> Work item
Copy the listing exactly as given. Omit every picture.

> Information provided

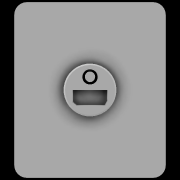
# Autodesk Inventor part: fishman-battery
Saved by Autodesk Inventor 2020 (Build 240168000, 168)
## iProperties
Created: 2020-01-01
Part Number: fishman-battery
Material: Generic
Document SubType Name: Modeling
Designer: valer
Density: 1 g/cm^3
Appearance: Default
Author: valer
Autodesk Inventor part; units mm, degrees
ref_plane "YZ Plane" through (0, 0, 0) normal (1, 0, 0) x (0, 1, 0)
ref_plane "XZ Plane" through (0, 0, 0) normal (0, 1, 0) x (-1, 0, 0)
ref_plane "XY Plane" through (0, 0, 0) normal (0, 0, 1) x (1, 0, 0)
sketch "FishmanBattery" plane through (0, 0, 0) normal (0, 0, 1) x (1, 0, 0)
  line L0 (-19.05, 22.098) -> (19.05, 22.098)
  line L1 (19.05, 22.098) -> (19.05, -22.098)
  line L2 (19.05, -22.098) -> (-19.05, -22.098)
  line L3 (-19.05, -22.098) -> (-19.05, 22.098)
  circle A0 centre (0, 0) radius 6.35
  line L4 (0, 22.098) -> (0, -22.098) construction
  line L5 (-19.05, 0) -> (19.05, 0) construction
  point P0 (0, 0)
  point P1 (0, 0)
  dimension "d13" = 38.1
  dimension "d14" = 44.196
  dimension "d26" = 12.7
  constraints: 12 end point, 6 midpoint, 2 coincident, 2 parallel, 1 centre point, 1 horizontal, 1 perpendicular
  measures "d13" distance of L0.start L0.end
  measures "d14" distance of L2.end L0.start
  measures "d26" diameter of A0
extrude "FishmanBatteryFeature" add sketch "FishmanBattery" against normal blind 10.16 contours L0 L1 L2 L3 | A0
extrude "FishmanBatteryConnectorFeature" add sketch "FishmanBattery" along normal blind 3.81 contours A0
chamfer "FishmanBatteryChamferFeature" distance 0.381 angle 45 1 edges at (-6.35, 0, 3.81)
fillet "FishmanBatteryFilletsFeature" radius 3.175 4 edges at (19.05, 22.098, -5.08) (19.05, -22.098, -5.08) (-19.05, -22.098, -5.08) (-19.05, 22.098, -5.08)
sketch "FishmanConnector" plane through (0, 0, 3.81) normal (0, 0, 1) x (1, 0, 0)
  circle A0 centre (0, 3.175) radius 1.8791
  circle A1 centre (0, 3.175) radius 1.2441
  line L0 (-4.2333, 0) -> (4.2333, 0)
  line L1 (4.2333, 0) -> (4.2333, -2.6291)
  line L2 (4.2333, -2.6291) -> (3.5983, -3.729)
  line L3 (3.5983, -3.729) -> (-3.2605, -3.729)
  line L4 (-3.2605, -3.729) -> (-4.2333, -2.9126)
  line L5 (-4.2333, -2.9126) -> (-4.2333, 0)
  line L6 (0, -30.9372) -> (0, 30.9372) construction
  point P0 (0, 0)
  point P1 (0, 0)
  dimension "d133" = 3.729
  dimension "d134" = 8.4667
  dimension "d135" = 3.7582
  dimension "d136" = 0.635
  dimension "d137" = 150
  dimension "d138" = 140
  dimension "d139" = 1.27
  dimension "d141" = 3.175
  constraints: 12 end point, 3 midpoint, 2 centre point, 2 parallel, 2 perpendicular, 1 coincident, 1 equal length, 1 point on line
  measures "d133" distance between parallel lines of L0 L3
  measures "d134" distance of L0.start L0.end
  measures "d135" diameter of A0
  measures "d136" radial gap between concentric circles of A0 A1
  measures "d137" angle of L2 L1
  measures "d138" angle of L3 L4
  measures "d139" distance of L3.end L4.end
  measures "d141" distance from line of L0 A0.centre
extrude "FishmanConnectorHolesFeature" cut sketch "FishmanConnector" against normal blind 3.81
body "Solid3"

> Output
# Autodesk Inventor part: fishman-battery
Saved by Autodesk Inventor 2020 (Build 240168000, 168)
## iProperties
Created: 2020-01-01
Part Number: fishman-battery
Material: Generic
Document SubType Name: Modeling
Designer: valer
Density: 1 g/cm^3
Appearance: Default
Author: valer
Autodesk Inventor part; units mm, degrees
ref_plane "YZ Plane" through (0, 0, 0) normal (1, 0, 0) x (0, 1, 0)
ref_plane "XZ Plane" through (0, 0, 0) normal (0, 1, 0) x (-1, 0, 0)
ref_plane "XY Plane" through (0, 0, 0) normal (0, 0, 1) x (1, 0, 0)
sketch "FishmanBattery" plane through (0, 0, 0) normal (0, 0, 1) x (1, 0, 0)
  line L0 (-19.05, 22.098) -> (19.05, 22.098)
  line L1 (19.05, 22.098) -> (19.05, -22.098)
  line L2 (19.05, -22.098) -> (-19.05, -22.098)
  line L3 (-19.05, -22.098) -> (-19.05, 22.098)
  circle A0 centre (0, 0) radius 6.35
  line L4 (0, 22.098) -> (0, -22.098) construction
  line L5 (-19.05, 0) -> (19.05, 0) construction
  point P0 (0, 0)
  point P1 (0, 0)
  dimension "d13" = 38.1
  dimension "d14" = 44.196
  dimension "d26" = 12.7
  constraints: 12 end point, 6 midpoint, 2 coincident, 2 parallel, 1 centre point, 1 horizontal, 1 perpendicular
  measures "d13" distance of L0.start L0.end
  measures "d14" distance of L2.end L0.start
  measures "d26" diameter of A0
extrude "FishmanBatteryFeature" add sketch "FishmanBattery" against normal blind 10.16 contours L0 L1 L2 L3 | A0
extrude "FishmanBatteryConnectorFeature" add sketch "FishmanBattery" along normal blind 3.81 contours A0
chamfer "FishmanBatteryChamferFeature" distance 0.381 angle 45 1 edges at (-6.35, 0, 3.81)
fillet "FishmanBatteryFilletsFeature" radius 3.175 4 edges at (19.05, 22.098, -5.08) (19.05, -22.098, -5.08) (-19.05, -22.098, -5.08) (-19.05, 22.098, -5.08)
sketch "FishmanConnector" plane through (0, 0, 3.81) normal (0, 0, 1) x (1, 0, 0)
  circle A0 centre (0, 3.175) radius 1.8791
  circle A1 centre (0, 3.175) radius 1.2441
  line L0 (-4.2333, 0) -> (4.2333, 0)
  line L1 (4.2333, 0) -> (4.2333, -2.6291)
  line L2 (4.2333, -2.6291) -> (3.5983, -3.729)
  line L3 (3.5983, -3.729) -> (-3.2605, -3.729)
  line L4 (-3.2605, -3.729) -> (-4.2333, -2.9126)
  line L5 (-4.2333, -2.9126) -> (-4.2333, 0)
  line L6 (0, -30.9372) -> (0, 30.9372) construction
  point P0 (0, 0)
  point P1 (0, 0)
  dimension "d133" = 3.729
  dimension "d134" = 8.4667
  dimension "d135" = 3.7582
  dimension "d136" = 0.635
  dimension "d137" = 150
  dimension "d138" = 140
  dimension "d139" = 1.27
  dimension "d141" = 3.175
  constraints: 12 end point, 3 midpoint, 2 centre point, 2 parallel, 2 perpendicular, 1 coincident, 1 equal length, 1 point on line
  measures "d133" distance between parallel lines of L0 L3
  measures "d134" distance of L0.start L0.end
  measures "d135" diameter of A0
  measures "d136" radial gap between concentric circles of A0 A1
  measures "d137" angle of L2 L1
  measures "d138" angle of L3 L4
  measures "d139" distance of L3.end L4.end
  measures "d141" distance from line of L0 A0.centre
extrude "FishmanConnectorHolesFeature" cut sketch "FishmanConnector" against normal blind 3.81
body "Solid3"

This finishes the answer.